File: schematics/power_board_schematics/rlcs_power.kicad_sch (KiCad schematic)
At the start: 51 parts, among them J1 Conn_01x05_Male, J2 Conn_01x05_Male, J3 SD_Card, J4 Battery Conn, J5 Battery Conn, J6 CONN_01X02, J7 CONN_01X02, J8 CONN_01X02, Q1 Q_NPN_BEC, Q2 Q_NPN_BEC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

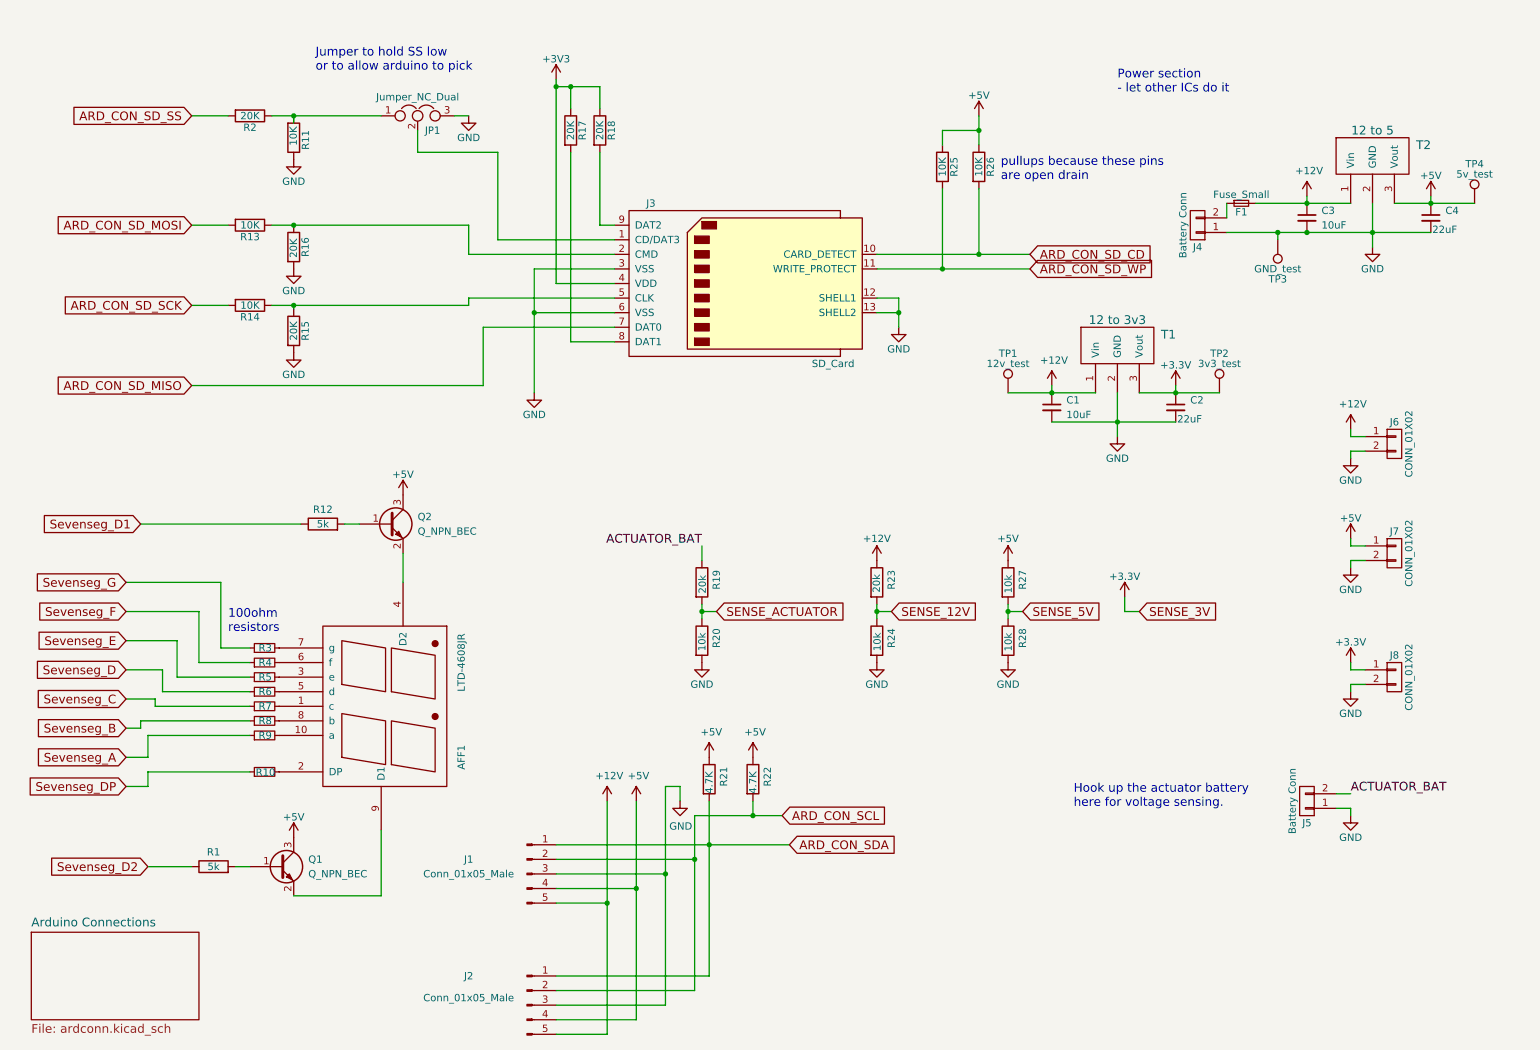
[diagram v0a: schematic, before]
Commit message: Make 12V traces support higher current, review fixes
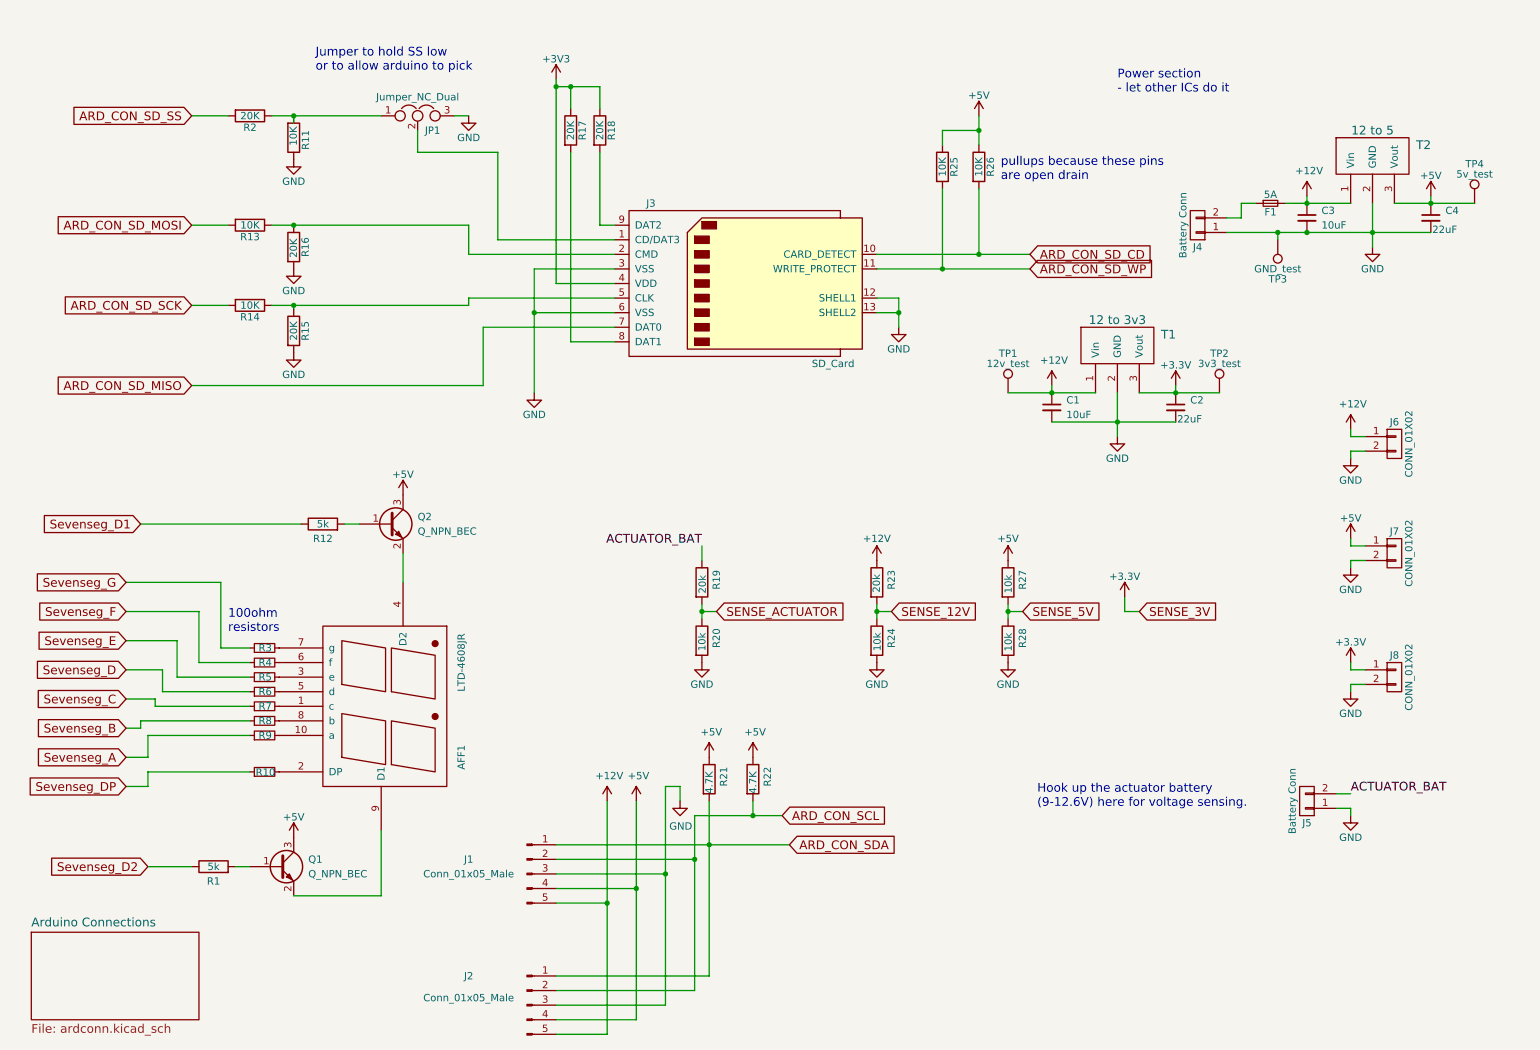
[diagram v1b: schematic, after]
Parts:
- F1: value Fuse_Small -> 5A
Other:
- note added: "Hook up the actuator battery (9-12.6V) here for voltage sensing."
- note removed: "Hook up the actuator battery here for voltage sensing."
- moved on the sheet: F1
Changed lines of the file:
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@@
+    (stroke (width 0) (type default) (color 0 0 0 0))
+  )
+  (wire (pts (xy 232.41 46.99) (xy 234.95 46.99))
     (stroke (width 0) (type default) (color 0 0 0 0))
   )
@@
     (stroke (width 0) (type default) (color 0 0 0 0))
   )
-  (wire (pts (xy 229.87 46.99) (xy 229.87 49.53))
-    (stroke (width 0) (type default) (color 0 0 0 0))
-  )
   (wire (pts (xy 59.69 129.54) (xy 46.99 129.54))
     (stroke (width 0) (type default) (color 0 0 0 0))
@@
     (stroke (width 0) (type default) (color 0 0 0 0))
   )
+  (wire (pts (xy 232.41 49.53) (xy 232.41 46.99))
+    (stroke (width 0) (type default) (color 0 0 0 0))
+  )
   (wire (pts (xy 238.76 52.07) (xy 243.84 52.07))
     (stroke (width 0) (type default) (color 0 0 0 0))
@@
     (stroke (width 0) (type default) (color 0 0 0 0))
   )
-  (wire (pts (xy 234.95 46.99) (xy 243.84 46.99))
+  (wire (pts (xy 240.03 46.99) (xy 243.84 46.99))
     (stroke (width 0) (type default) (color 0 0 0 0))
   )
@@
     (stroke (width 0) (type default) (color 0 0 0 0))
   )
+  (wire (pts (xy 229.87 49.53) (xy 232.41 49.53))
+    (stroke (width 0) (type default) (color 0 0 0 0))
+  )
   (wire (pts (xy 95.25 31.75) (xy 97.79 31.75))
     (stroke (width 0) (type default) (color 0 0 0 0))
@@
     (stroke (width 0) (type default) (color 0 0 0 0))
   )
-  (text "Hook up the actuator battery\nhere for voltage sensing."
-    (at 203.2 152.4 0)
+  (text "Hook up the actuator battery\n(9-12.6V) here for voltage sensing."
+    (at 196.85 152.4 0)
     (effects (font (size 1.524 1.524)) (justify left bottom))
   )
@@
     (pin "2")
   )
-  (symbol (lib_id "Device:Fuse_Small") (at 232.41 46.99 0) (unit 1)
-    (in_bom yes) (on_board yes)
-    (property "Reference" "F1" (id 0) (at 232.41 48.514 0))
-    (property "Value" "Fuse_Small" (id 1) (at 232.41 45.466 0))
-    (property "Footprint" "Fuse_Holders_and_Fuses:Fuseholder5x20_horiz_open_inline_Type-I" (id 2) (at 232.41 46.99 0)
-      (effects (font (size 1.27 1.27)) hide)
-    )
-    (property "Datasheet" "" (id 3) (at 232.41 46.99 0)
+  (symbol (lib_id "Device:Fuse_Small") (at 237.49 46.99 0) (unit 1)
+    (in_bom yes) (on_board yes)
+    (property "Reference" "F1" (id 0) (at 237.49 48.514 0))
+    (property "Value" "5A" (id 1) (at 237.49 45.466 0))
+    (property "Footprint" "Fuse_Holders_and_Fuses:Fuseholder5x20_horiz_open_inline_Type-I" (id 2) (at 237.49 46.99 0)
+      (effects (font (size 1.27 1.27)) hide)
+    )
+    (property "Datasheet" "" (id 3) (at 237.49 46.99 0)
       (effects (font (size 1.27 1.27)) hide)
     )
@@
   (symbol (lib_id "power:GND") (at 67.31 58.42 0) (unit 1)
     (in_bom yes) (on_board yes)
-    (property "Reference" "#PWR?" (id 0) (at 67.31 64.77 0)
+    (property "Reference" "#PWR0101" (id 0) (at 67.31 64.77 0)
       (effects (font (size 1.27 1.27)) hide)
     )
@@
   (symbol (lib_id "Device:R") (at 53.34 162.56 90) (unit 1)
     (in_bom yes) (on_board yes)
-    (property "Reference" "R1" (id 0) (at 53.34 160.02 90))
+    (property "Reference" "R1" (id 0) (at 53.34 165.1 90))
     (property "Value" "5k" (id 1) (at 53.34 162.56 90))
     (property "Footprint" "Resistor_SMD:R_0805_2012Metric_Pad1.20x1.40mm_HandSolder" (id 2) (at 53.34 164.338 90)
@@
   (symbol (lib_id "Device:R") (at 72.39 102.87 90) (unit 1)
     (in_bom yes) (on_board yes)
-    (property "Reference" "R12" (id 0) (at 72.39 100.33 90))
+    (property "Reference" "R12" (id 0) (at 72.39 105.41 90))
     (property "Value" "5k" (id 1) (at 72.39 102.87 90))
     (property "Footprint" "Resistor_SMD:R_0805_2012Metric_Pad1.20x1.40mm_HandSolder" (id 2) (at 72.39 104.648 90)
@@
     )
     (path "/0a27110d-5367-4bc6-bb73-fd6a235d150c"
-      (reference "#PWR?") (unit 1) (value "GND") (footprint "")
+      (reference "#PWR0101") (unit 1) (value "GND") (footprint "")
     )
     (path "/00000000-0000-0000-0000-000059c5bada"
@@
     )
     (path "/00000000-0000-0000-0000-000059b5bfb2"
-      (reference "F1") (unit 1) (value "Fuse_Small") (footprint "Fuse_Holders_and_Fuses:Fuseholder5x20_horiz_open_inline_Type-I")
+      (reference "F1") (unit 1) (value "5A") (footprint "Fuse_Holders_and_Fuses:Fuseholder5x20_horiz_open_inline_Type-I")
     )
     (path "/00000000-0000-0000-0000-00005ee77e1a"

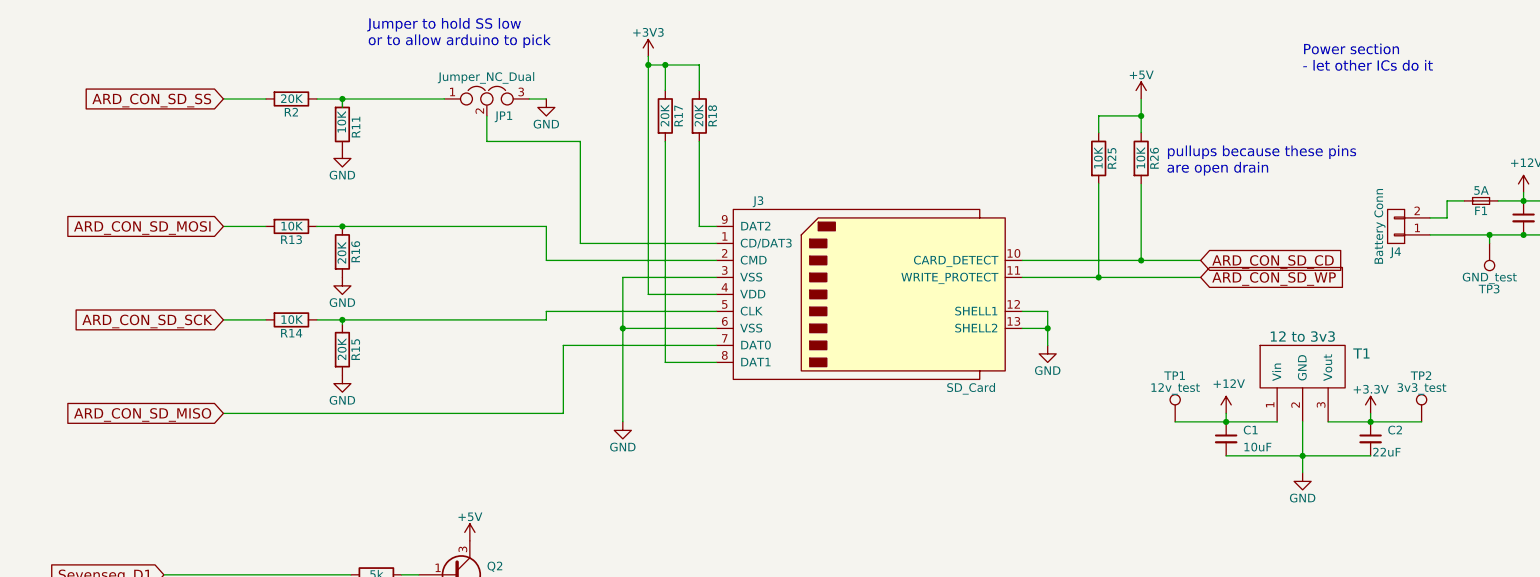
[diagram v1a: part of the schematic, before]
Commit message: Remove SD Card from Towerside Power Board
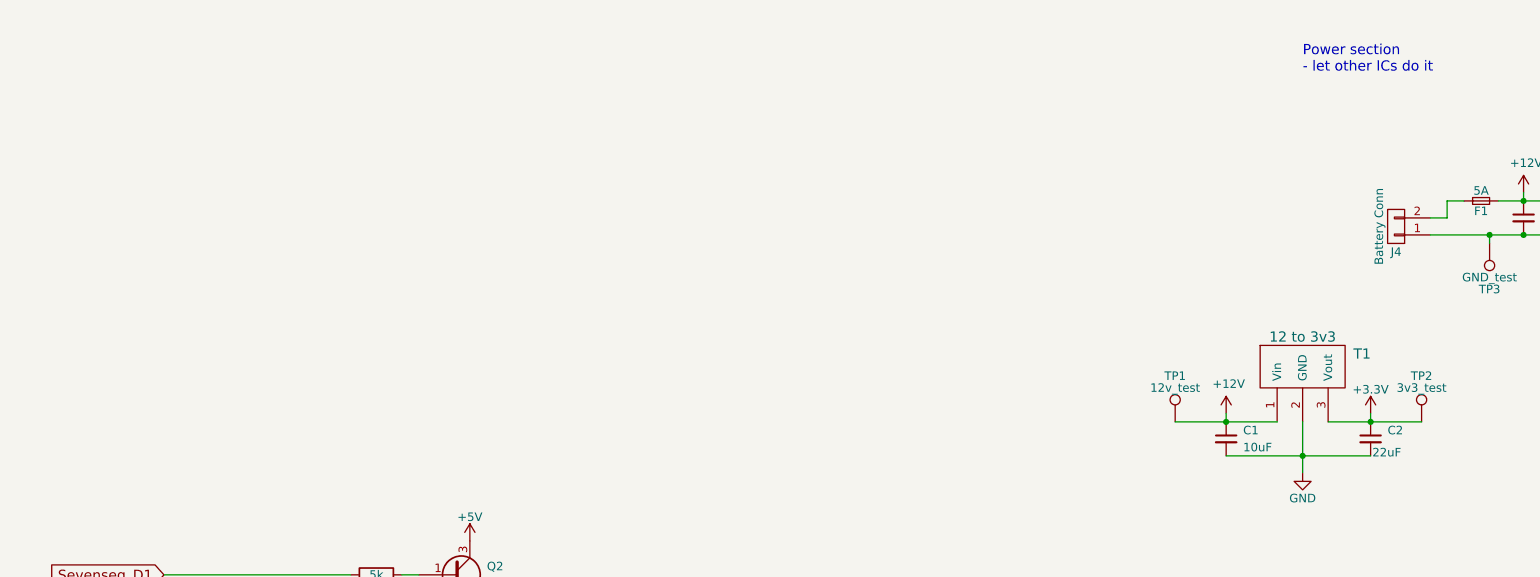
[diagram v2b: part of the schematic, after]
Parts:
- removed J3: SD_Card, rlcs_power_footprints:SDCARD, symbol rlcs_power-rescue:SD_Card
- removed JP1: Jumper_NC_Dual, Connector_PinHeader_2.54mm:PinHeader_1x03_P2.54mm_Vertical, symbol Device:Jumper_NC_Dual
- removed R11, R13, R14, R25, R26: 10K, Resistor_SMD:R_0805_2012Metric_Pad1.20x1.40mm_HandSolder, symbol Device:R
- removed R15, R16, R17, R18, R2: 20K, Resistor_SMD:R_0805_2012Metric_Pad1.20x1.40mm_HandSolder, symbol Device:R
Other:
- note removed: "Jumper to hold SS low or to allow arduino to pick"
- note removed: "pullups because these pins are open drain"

## What is being asked
Return, with no change at all, every line in the entries above from the line containing "the actuator battery\nhere" through the line containing "232.41 48.514 0))".

## Task solution
-  (text "Hook up the actuator battery\nhere for voltage sensing."
-    (at 203.2 152.4 0)
+  (text "Hook up the actuator battery\n(9-12.6V) here for voltage sensing."
+    (at 196.85 152.4 0)
     (effects (font (size 1.524 1.524)) (justify left bottom))
   )
@@
     (pin "2")
   )
-  (symbol (lib_id "Device:Fuse_Small") (at 232.41 46.99 0) (unit 1)
-    (in_bom yes) (on_board yes)
-    (property "Reference" "F1" (id 0) (at 232.41 48.514 0))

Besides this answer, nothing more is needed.